Ok, sure. I am not opposed to using git annex but it would require somebody to 
do the work - and it seems that there is no one who is able and willing to do 

> > Yet, I think that integrity checking is important: it might not completely
> > protect against e. g. the NSA but without it you become an easy target -
> > for example, if you have to install something when only some untrusted and
> > shared wireless connection is available. Integrity checking also helps to
> > detect corrupt downloads or when upstream silently modifies a released
> > tarball which can be annoying.
> There's a difference between "protects against accidental corruption" and
> "protects against malicious compromise."
> One of the big problems with various suggested strategies is designing for
> the former, and then talking about it doing the latter.

So let's define the thread model...

For my current proposal, we would have to trust
a) all Exherbo developers and their machines
b) that the servers hosting the git repositories are not compromised
c) that the initially fetched tarballs (and the checksums published by 
upstream) do not contain malicious code

It would most notably protect against
1) corrupted downloads
2) (most) MITM attacks
3) compromised file mirrors
4) compromised upstream file servers after the initial fetch

I admit that a-c are huge assumptions but I guess that we cannot do much about 
a and c.
It would however be nice to avoid b, especially since this does not only 
include Exherbo's servers but also services like Github where unofficial 
repositories are hosted. But that might complicate things...

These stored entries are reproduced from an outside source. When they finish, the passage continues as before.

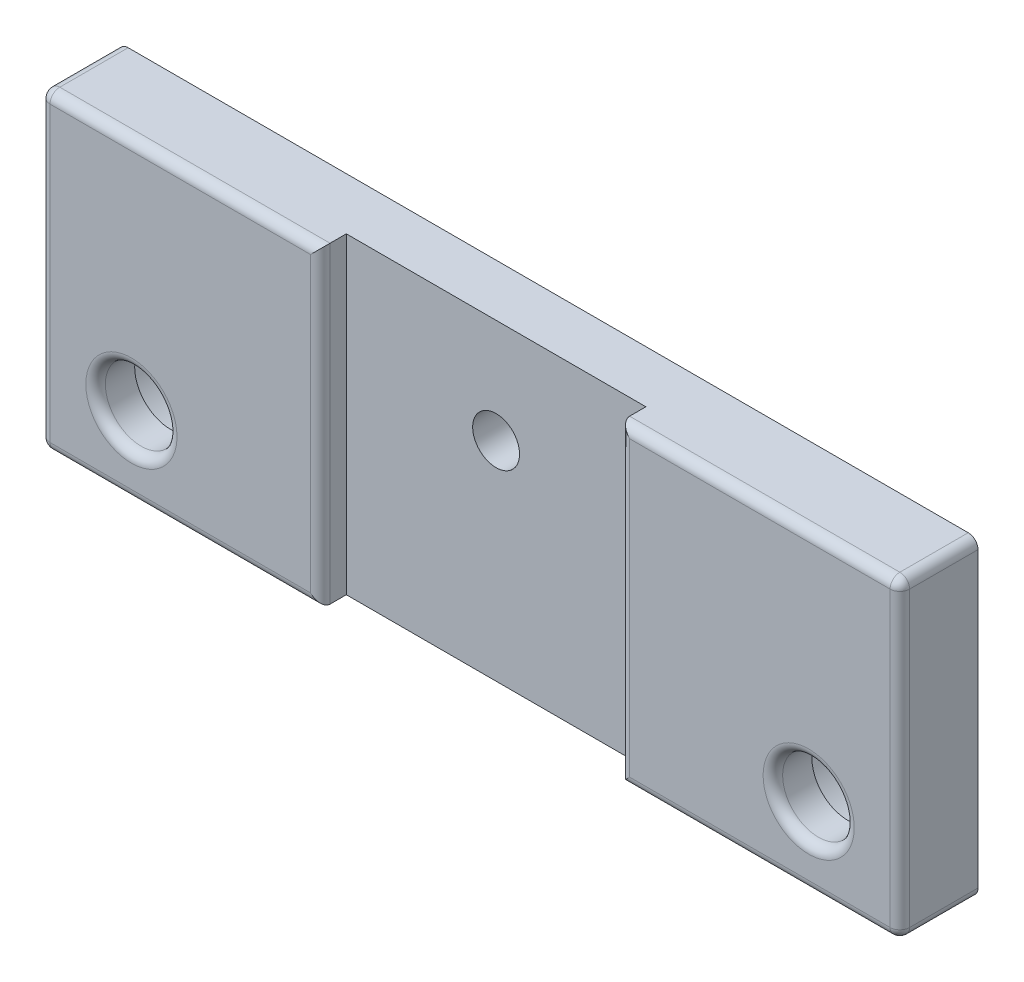
ISO-10303-21;
HEADER;
FILE_DESCRIPTION(('STEP AP214'),'2;1');
FILE_NAME('part.step','',(''),(''),'','','');
FILE_SCHEMA(('AUTOMOTIVE_DESIGN { 1 0 10303 214 1 1 1 1 }'));
ENDSEC;
DATA;
#1=APPLICATION_CONTEXT('core data for automotive mechanical design processes');
#2=APPLICATION_PROTOCOL_DEFINITION('international standard','automotive_design',2000,#1);
#3=PRODUCT_CONTEXT('',#1,'mechanical');
#4=PRODUCT('Part','Part','',(#3));
#5=PRODUCT_RELATED_PRODUCT_CATEGORY('part','',(#4));
#6=PRODUCT_DEFINITION_FORMATION('','',#4);
#7=PRODUCT_DEFINITION_CONTEXT('part definition',#1,'design');
#8=PRODUCT_DEFINITION('design','',#6,#7);
#9=PRODUCT_DEFINITION_SHAPE('','',#8);
#10=(LENGTH_UNIT() NAMED_UNIT(*) SI_UNIT(.MILLI.,.METRE.));
#11=(NAMED_UNIT(*) PLANE_ANGLE_UNIT() SI_UNIT($,.RADIAN.));
#12=(NAMED_UNIT(*) SI_UNIT($,.STERADIAN.) SOLID_ANGLE_UNIT());
#13=UNCERTAINTY_MEASURE_WITH_UNIT(LENGTH_MEASURE(1.E-05),#10,'distance_accuracy_value','');
#14=(GEOMETRIC_REPRESENTATION_CONTEXT(3) GLOBAL_UNCERTAINTY_ASSIGNED_CONTEXT((#13)) GLOBAL_UNIT_ASSIGNED_CONTEXT((#10,
#11,#12)) REPRESENTATION_CONTEXT('',''));
#15=CARTESIAN_POINT('',(0.,0.,0.));
#16=DIRECTION('',(0.,0.,1.));
#17=DIRECTION('',(1.,0.,0.));
#18=AXIS2_PLACEMENT_3D('',#15,#16,#17);
#19=CARTESIAN_POINT('',(7.,6.,6.));
#20=DIRECTION('',(0.,0.,-1.));
#21=DIRECTION('',(-1.,0.,0.));
#22=AXIS2_PLACEMENT_3D('',#19,#20,#21);
#23=CYLINDRICAL_SURFACE('',#22,2.75);
#24=CARTESIAN_POINT('',(7.,6.,5.25));
#25=DIRECTION('',(0.,0.,-1.));
#26=DIRECTION('',(-1.,0.,0.));
#27=AXIS2_PLACEMENT_3D('',#24,#25,#26);
#28=CIRCLE('',#27,2.75);
#29=CARTESIAN_POINT('',(4.25,6.,5.25));
#30=VERTEX_POINT('',#29);
#31=EDGE_CURVE('E265',#30,#30,#28,.F.);
#32=ORIENTED_EDGE('',*,*,#31,.T.);
#33=EDGE_LOOP('',(#32));
#34=FACE_BOUND('',#33,.T.);
#35=CARTESIAN_POINT('',(7.,6.,3.));
#36=DIRECTION('',(0.,0.,-1.));
#37=DIRECTION('',(-1.,0.,0.));
#38=AXIS2_PLACEMENT_3D('',#35,#36,#37);
#39=CIRCLE('',#38,2.75);
#40=CARTESIAN_POINT('',(4.25,6.,3.));
#41=VERTEX_POINT('',#40);
#42=EDGE_CURVE('E203',#41,#41,#39,.F.);
#43=ORIENTED_EDGE('',*,*,#42,.F.);
#44=EDGE_LOOP('',(#43));
#45=FACE_BOUND('',#44,.T.);
#46=ADVANCED_FACE('F33',(#34,#45),#23,.F.);
#47=CARTESIAN_POINT('',(59.,6.,6.));
#48=DIRECTION('',(0.,0.,-1.));
#49=DIRECTION('',(-1.,0.,0.));
#50=AXIS2_PLACEMENT_3D('',#47,#48,#49);
#51=CYLINDRICAL_SURFACE('',#50,2.75);
#52=CARTESIAN_POINT('',(59.,6.,5.25));
#53=DIRECTION('',(0.,0.,-1.));
#54=DIRECTION('',(-1.,0.,0.));
#55=AXIS2_PLACEMENT_3D('',#52,#53,#54);
#56=CIRCLE('',#55,2.75);
#57=CARTESIAN_POINT('',(56.25,6.,5.25));
#58=VERTEX_POINT('',#57);
#59=EDGE_CURVE('E244',#58,#58,#56,.F.);
#60=ORIENTED_EDGE('',*,*,#59,.T.);
#61=EDGE_LOOP('',(#60));
#62=FACE_BOUND('',#61,.T.);
#63=CARTESIAN_POINT('',(59.,6.,3.));
#64=DIRECTION('',(0.,0.,-1.));
#65=DIRECTION('',(-1.,0.,0.));
#66=AXIS2_PLACEMENT_3D('',#63,#64,#65);
#67=CIRCLE('',#66,2.75);
#68=CARTESIAN_POINT('',(56.25,6.,3.));
#69=VERTEX_POINT('',#68);
#70=EDGE_CURVE('E200',#69,#69,#67,.F.);
#71=ORIENTED_EDGE('',*,*,#70,.F.);
#72=EDGE_LOOP('',(#71));
#73=FACE_BOUND('',#72,.T.);
#74=ADVANCED_FACE('F396',(#62,#73),#51,.F.);
#75=CARTESIAN_POINT('',(0.,0.,6.));
#76=DIRECTION('',(0.,0.,-1.));
#77=DIRECTION('',(-1.,0.,0.));
#78=AXIS2_PLACEMENT_3D('',#75,#76,#77);
#79=PLANE('',#78);
#80=DIRECTION('',(-1.,0.,0.));
#81=VECTOR('',#80,1.);
#82=CARTESIAN_POINT('',(0.,23.25,6.));
#83=LINE('',#82,#81);
#84=CARTESIAN_POINT('',(20.75,23.25,6.));
#85=VERTEX_POINT('',#84);
#86=CARTESIAN_POINT('',(0.75,23.25,6.));
#87=VERTEX_POINT('',#86);
#88=EDGE_CURVE('E254',#85,#87,#83,.T.);
#89=ORIENTED_EDGE('',*,*,#88,.T.);
#90=DIRECTION('',(0.,-1.,0.));
#91=VECTOR('',#90,1.);
#92=CARTESIAN_POINT('',(0.75,0.,6.));
#93=LINE('',#92,#91);
#94=CARTESIAN_POINT('',(0.75,0.75,6.));
#95=VERTEX_POINT('',#94);
#96=EDGE_CURVE('E256',#87,#95,#93,.T.);
#97=ORIENTED_EDGE('',*,*,#96,.T.);
#98=DIRECTION('',(1.,0.,0.));
#99=VECTOR('',#98,1.);
#100=CARTESIAN_POINT('',(0.,0.75,6.));
#101=LINE('',#100,#99);
#102=CARTESIAN_POINT('',(20.75,0.75,6.));
#103=VERTEX_POINT('',#102);
#104=EDGE_CURVE('E250',#95,#103,#101,.T.);
#105=ORIENTED_EDGE('',*,*,#104,.T.);
#106=DIRECTION('',(0.,-1.,0.));
#107=VECTOR('',#106,1.);
#108=CARTESIAN_POINT('',(20.75,0.,6.));
#109=LINE('',#108,#107);
#110=EDGE_CURVE('E252',#103,#85,#109,.F.);
#111=ORIENTED_EDGE('',*,*,#110,.T.);
#112=EDGE_LOOP('',(#89,#97,#105,#111));
#113=FACE_BOUND('',#112,.T.);
#114=CARTESIAN_POINT('',(7.,6.,6.));
#115=DIRECTION('',(0.,0.,-1.));
#116=DIRECTION('',(-1.,0.,0.));
#117=AXIS2_PLACEMENT_3D('',#114,#115,#116);
#118=CIRCLE('',#117,3.5);
#119=CARTESIAN_POINT('',(3.5,6.,6.));
#120=VERTEX_POINT('',#119);
#121=EDGE_CURVE('E247',#120,#120,#118,.T.);
#122=ORIENTED_EDGE('',*,*,#121,.T.);
#123=EDGE_LOOP('',(#122));
#124=FACE_BOUND('',#123,.T.);
#125=ADVANCED_FACE('F402',(#113,#124),#79,.F.);
#126=CARTESIAN_POINT('',(0.,0.,6.));
#127=DIRECTION('',(1.,0.,0.));
#128=DIRECTION('',(0.,0.,-1.));
#129=AXIS2_PLACEMENT_3D('',#126,#127,#128);
#130=PLANE('',#129);
#131=DIRECTION('',(0.,-1.,0.));
#132=VECTOR('',#131,1.);
#133=CARTESIAN_POINT('',(0.,0.,5.25));
#134=LINE('',#133,#132);
#135=CARTESIAN_POINT('',(0.,0.75,5.25));
#136=VERTEX_POINT('',#135);
#137=CARTESIAN_POINT('',(0.,23.25,5.25));
#138=VERTEX_POINT('',#137);
#139=EDGE_CURVE('E260',#136,#138,#134,.F.);
#140=ORIENTED_EDGE('',*,*,#139,.T.);
#141=DIRECTION('',(0.,0.,-1.));
#142=VECTOR('',#141,1.);
#143=CARTESIAN_POINT('',(0.,23.25,6.));
#144=LINE('',#143,#142);
#145=CARTESIAN_POINT('',(0.,23.25,0.));
#146=VERTEX_POINT('',#145);
#147=EDGE_CURVE('E262',#138,#146,#144,.T.);
#148=ORIENTED_EDGE('',*,*,#147,.T.);
#149=DIRECTION('',(0.,-1.,0.));
#150=VECTOR('',#149,1.);
#151=CARTESIAN_POINT('',(0.,0.,0.));
#152=LINE('',#151,#150);
#153=CARTESIAN_POINT('',(0.,0.75,0.));
#154=VERTEX_POINT('',#153);
#155=EDGE_CURVE('E184',#146,#154,#152,.T.);
#156=ORIENTED_EDGE('',*,*,#155,.T.);
#157=DIRECTION('',(0.,0.,-1.));
#158=VECTOR('',#157,1.);
#159=CARTESIAN_POINT('',(0.,0.75,6.));
#160=LINE('',#159,#158);
#161=EDGE_CURVE('E58',#154,#136,#160,.F.);
#162=ORIENTED_EDGE('',*,*,#161,.T.);
#163=EDGE_LOOP('',(#140,#148,#156,#162));
#164=FACE_BOUND('',#163,.T.);
#165=ADVANCED_FACE('F336',(#164),#130,.F.);
#166=CARTESIAN_POINT('',(0.,0.,6.));
#167=DIRECTION('',(0.,1.,0.));
#168=DIRECTION('',(0.,0.,1.));
#169=AXIS2_PLACEMENT_3D('',#166,#167,#168);
#170=PLANE('',#169);
#171=DIRECTION('',(0.,0.,1.));
#172=VECTOR('',#171,1.);
#173=CARTESIAN_POINT('',(21.5,0.,4.));
#174=LINE('',#173,#172);
#175=CARTESIAN_POINT('',(21.5,0.,4.));
#176=VERTEX_POINT('',#175);
#177=CARTESIAN_POINT('',(21.5,0.,5.25));
#178=VERTEX_POINT('',#177);
#179=EDGE_CURVE('E150',#176,#178,#174,.T.);
#180=ORIENTED_EDGE('',*,*,#179,.T.);
#181=DIRECTION('',(1.,0.,0.));
#182=VECTOR('',#181,1.);
#183=CARTESIAN_POINT('',(0.,0.,5.25));
#184=LINE('',#183,#182);
#185=CARTESIAN_POINT('',(0.75,0.,5.25));
#186=VERTEX_POINT('',#185);
#187=EDGE_CURVE('E232',#178,#186,#184,.F.);
#188=ORIENTED_EDGE('',*,*,#187,.T.);
#189=DIRECTION('',(0.,0.,-1.));
#190=VECTOR('',#189,1.);
#191=CARTESIAN_POINT('',(0.75,0.,6.));
#192=LINE('',#191,#190);
#193=CARTESIAN_POINT('',(0.75,0.,0.));
#194=VERTEX_POINT('',#193);
#195=EDGE_CURVE('E230',#186,#194,#192,.T.);
#196=ORIENTED_EDGE('',*,*,#195,.T.);
#197=DIRECTION('',(1.,0.,0.));
#198=VECTOR('',#197,1.);
#199=CARTESIAN_POINT('',(0.,0.,0.));
#200=LINE('',#199,#198);
#201=CARTESIAN_POINT('',(65.25,0.,0.));
#202=VERTEX_POINT('',#201);
#203=EDGE_CURVE('E190',#194,#202,#200,.T.);
#204=ORIENTED_EDGE('',*,*,#203,.T.);
#205=DIRECTION('',(0.,0.,-1.));
#206=VECTOR('',#205,1.);
#207=CARTESIAN_POINT('',(65.25,0.,6.));
#208=LINE('',#207,#206);
#209=CARTESIAN_POINT('',(65.25,0.,5.25));
#210=VERTEX_POINT('',#209);
#211=EDGE_CURVE('E226',#202,#210,#208,.F.);
#212=ORIENTED_EDGE('',*,*,#211,.T.);
#213=DIRECTION('',(1.,0.,0.));
#214=VECTOR('',#213,1.);
#215=CARTESIAN_POINT('',(0.,0.,5.25));
#216=LINE('',#215,#214);
#217=CARTESIAN_POINT('',(44.5,0.,5.25));
#218=VERTEX_POINT('',#217);
#219=EDGE_CURVE('E228',#210,#218,#216,.F.);
#220=ORIENTED_EDGE('',*,*,#219,.T.);
#221=DIRECTION('',(0.,0.,1.));
#222=VECTOR('',#221,1.);
#223=CARTESIAN_POINT('',(44.5,0.,4.));
#224=LINE('',#223,#222);
#225=CARTESIAN_POINT('',(44.5,0.,4.));
#226=VERTEX_POINT('',#225);
#227=EDGE_CURVE('E161',#226,#218,#224,.T.);
#228=ORIENTED_EDGE('',*,*,#227,.F.);
#229=DIRECTION('',(1.,0.,0.));
#230=VECTOR('',#229,1.);
#231=CARTESIAN_POINT('',(21.5,0.,4.));
#232=LINE('',#231,#230);
#233=EDGE_CURVE('E168',#176,#226,#232,.T.);
#234=ORIENTED_EDGE('',*,*,#233,.F.);
#235=EDGE_LOOP('',(#180,#188,#196,#204,#212,#220,#228,#234));
#236=FACE_BOUND('',#235,.T.);
#237=ADVANCED_FACE('F174',(#236),#170,.F.);
#238=CARTESIAN_POINT('',(66.,0.,6.));
#239=DIRECTION('',(-1.,0.,0.));
#240=DIRECTION('',(0.,0.,1.));
#241=AXIS2_PLACEMENT_3D('',#238,#239,#240);
#242=PLANE('',#241);
#243=DIRECTION('',(0.,1.,0.));
#244=VECTOR('',#243,1.);
#245=CARTESIAN_POINT('',(66.,0.,5.25));
#246=LINE('',#245,#244);
#247=CARTESIAN_POINT('',(66.,23.25,5.25));
#248=VERTEX_POINT('',#247);
#249=CARTESIAN_POINT('',(66.,0.75,5.25));
#250=VERTEX_POINT('',#249);
#251=EDGE_CURVE('E221',#248,#250,#246,.F.);
#252=ORIENTED_EDGE('',*,*,#251,.T.);
#253=DIRECTION('',(0.,0.,-1.));
#254=VECTOR('',#253,1.);
#255=CARTESIAN_POINT('',(66.,0.75,6.));
#256=LINE('',#255,#254);
#257=CARTESIAN_POINT('',(66.,0.75,0.));
#258=VERTEX_POINT('',#257);
#259=EDGE_CURVE('E224',#250,#258,#256,.T.);
#260=ORIENTED_EDGE('',*,*,#259,.T.);
#261=DIRECTION('',(0.,1.,0.));
#262=VECTOR('',#261,1.);
#263=CARTESIAN_POINT('',(66.,0.,0.));
#264=LINE('',#263,#262);
#265=CARTESIAN_POINT('',(66.,23.25,0.));
#266=VERTEX_POINT('',#265);
#267=EDGE_CURVE('E193',#258,#266,#264,.T.);
#268=ORIENTED_EDGE('',*,*,#267,.T.);
#269=DIRECTION('',(0.,0.,-1.));
#270=VECTOR('',#269,1.);
#271=CARTESIAN_POINT('',(66.,23.25,6.));
#272=LINE('',#271,#270);
#273=EDGE_CURVE('E219',#266,#248,#272,.F.);
#274=ORIENTED_EDGE('',*,*,#273,.T.);
#275=EDGE_LOOP('',(#252,#260,#268,#274));
#276=FACE_BOUND('',#275,.T.);
#277=ADVANCED_FACE('F364',(#276),#242,.F.);
#278=CARTESIAN_POINT('',(0.,24.,6.));
#279=DIRECTION('',(0.,-1.,0.));
#280=DIRECTION('',(0.,0.,-1.));
#281=AXIS2_PLACEMENT_3D('',#278,#279,#280);
#282=PLANE('',#281);
#283=DIRECTION('',(0.,0.,-1.));
#284=VECTOR('',#283,1.);
#285=CARTESIAN_POINT('',(0.75,24.,6.));
#286=LINE('',#285,#284);
#287=CARTESIAN_POINT('',(0.75,24.,0.));
#288=VERTEX_POINT('',#287);
#289=CARTESIAN_POINT('',(0.75,24.,5.25));
#290=VERTEX_POINT('',#289);
#291=EDGE_CURVE('E240',#288,#290,#286,.F.);
#292=ORIENTED_EDGE('',*,*,#291,.T.);
#293=DIRECTION('',(-1.,0.,0.));
#294=VECTOR('',#293,1.);
#295=CARTESIAN_POINT('',(0.,24.,5.25));
#296=LINE('',#295,#294);
#297=CARTESIAN_POINT('',(21.5,24.,5.25));
#298=VERTEX_POINT('',#297);
#299=EDGE_CURVE('E242',#290,#298,#296,.F.);
#300=ORIENTED_EDGE('',*,*,#299,.T.);
#301=DIRECTION('',(0.,0.,1.));
#302=VECTOR('',#301,1.);
#303=CARTESIAN_POINT('',(21.5,24.,4.));
#304=LINE('',#303,#302);
#305=CARTESIAN_POINT('',(21.5,24.,4.));
#306=VERTEX_POINT('',#305);
#307=EDGE_CURVE('E182',#306,#298,#304,.T.);
#308=ORIENTED_EDGE('',*,*,#307,.F.);
#309=DIRECTION('',(-1.,0.,0.));
#310=VECTOR('',#309,1.);
#311=CARTESIAN_POINT('',(21.5,24.,4.));
#312=LINE('',#311,#310);
#313=CARTESIAN_POINT('',(44.5,24.,4.));
#314=VERTEX_POINT('',#313);
#315=EDGE_CURVE('E162',#314,#306,#312,.T.);
#316=ORIENTED_EDGE('',*,*,#315,.F.);
#317=DIRECTION('',(0.,0.,1.));
#318=VECTOR('',#317,1.);
#319=CARTESIAN_POINT('',(44.5,24.,4.));
#320=LINE('',#319,#318);
#321=CARTESIAN_POINT('',(44.5,24.,5.25));
#322=VERTEX_POINT('',#321);
#323=EDGE_CURVE('E185',#314,#322,#320,.T.);
#324=ORIENTED_EDGE('',*,*,#323,.T.);
#325=DIRECTION('',(-1.,0.,0.));
#326=VECTOR('',#325,1.);
#327=CARTESIAN_POINT('',(0.,24.,5.25));
#328=LINE('',#327,#326);
#329=CARTESIAN_POINT('',(65.25,24.,5.25));
#330=VERTEX_POINT('',#329);
#331=EDGE_CURVE('E238',#322,#330,#328,.F.);
#332=ORIENTED_EDGE('',*,*,#331,.T.);
#333=DIRECTION('',(0.,0.,-1.));
#334=VECTOR('',#333,1.);
#335=CARTESIAN_POINT('',(65.25,24.,6.));
#336=LINE('',#335,#334);
#337=CARTESIAN_POINT('',(65.25,24.,0.));
#338=VERTEX_POINT('',#337);
#339=EDGE_CURVE('E236',#330,#338,#336,.T.);
#340=ORIENTED_EDGE('',*,*,#339,.T.);
#341=DIRECTION('',(-1.,0.,0.));
#342=VECTOR('',#341,1.);
#343=CARTESIAN_POINT('',(0.,24.,0.));
#344=LINE('',#343,#342);
#345=EDGE_CURVE('E196',#338,#288,#344,.T.);
#346=ORIENTED_EDGE('',*,*,#345,.T.);
#347=EDGE_LOOP('',(#292,#300,#308,#316,#324,#332,#340,#346));
#348=FACE_BOUND('',#347,.T.);
#349=ADVANCED_FACE('F344',(#348),#282,.F.);
#350=DIRECTION('',(1.,0.,0.));
#351=VECTOR('',#350,1.);
#352=CARTESIAN_POINT('',(0.,0.75,6.));
#353=LINE('',#352,#351);
#354=CARTESIAN_POINT('',(45.25,0.75,6.));
#355=VERTEX_POINT('',#354);
#356=CARTESIAN_POINT('',(65.25,0.75,6.));
#357=VERTEX_POINT('',#356);
#358=EDGE_CURVE('E214',#355,#357,#353,.T.);
#359=ORIENTED_EDGE('',*,*,#358,.T.);
#360=DIRECTION('',(0.,1.,0.));
#361=VECTOR('',#360,1.);
#362=CARTESIAN_POINT('',(65.25,0.,6.));
#363=LINE('',#362,#361);
#364=CARTESIAN_POINT('',(65.25,23.25,6.));
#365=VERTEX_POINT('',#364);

Having (only) a protection against scenarios 1-4 is still a good thing since 
these are somewhat likely to occur.
1 has happened to me several times (and is just annoying). 2 can be a real 
thread because it is just too easy to do for someone (including "script 
kiddies") who has control over one of the intermediate hops. 3 and 4 are 
popular for non-targeted attacks since it might allow to compromise many 

> > I would therefore like to discuss how a simple checksum based approach
> > could look like and in which way it might break someone's workflow.
> Sure, sounds good to me.
> > Such an approach could for example add a [[ checksum = SHA256 ]]
> > annotation to each file in DOWNLOADS.
> Immediately, we have a problem: Simple 'git mv' bumps aren't viable anymore.
> > We could have a tool that automatically fetches the files in the exheres
> > and that adds / updates the  checksum annotations.
> This makes it slightly better, but
> a.) We still have churn in the diffs (a SHA256 isn't tiny)
> b.) Exlibs can no longer declare DOWNLOADS based on exparams (since the url
> takes input from the exheres, but is actually formatted in the explib)
> without taking a checksum exparam for _each_ generated URL
> c.) We now have a tool making modifications to a file that should be written
> by humans, and is in a notoriously difficult format to parse correctly
> (Bash scripts). If it's just a sed, then we're going to have /problems/.
> See the discussions way back when about why making EAPI a variable in
> ebuilds is *insane*.

Ok, I admit that there are problems with putting the checksum in the exheres 
itself. So let's put all checksums in a defined location in the repository and 
use some file format that can be parsed easily.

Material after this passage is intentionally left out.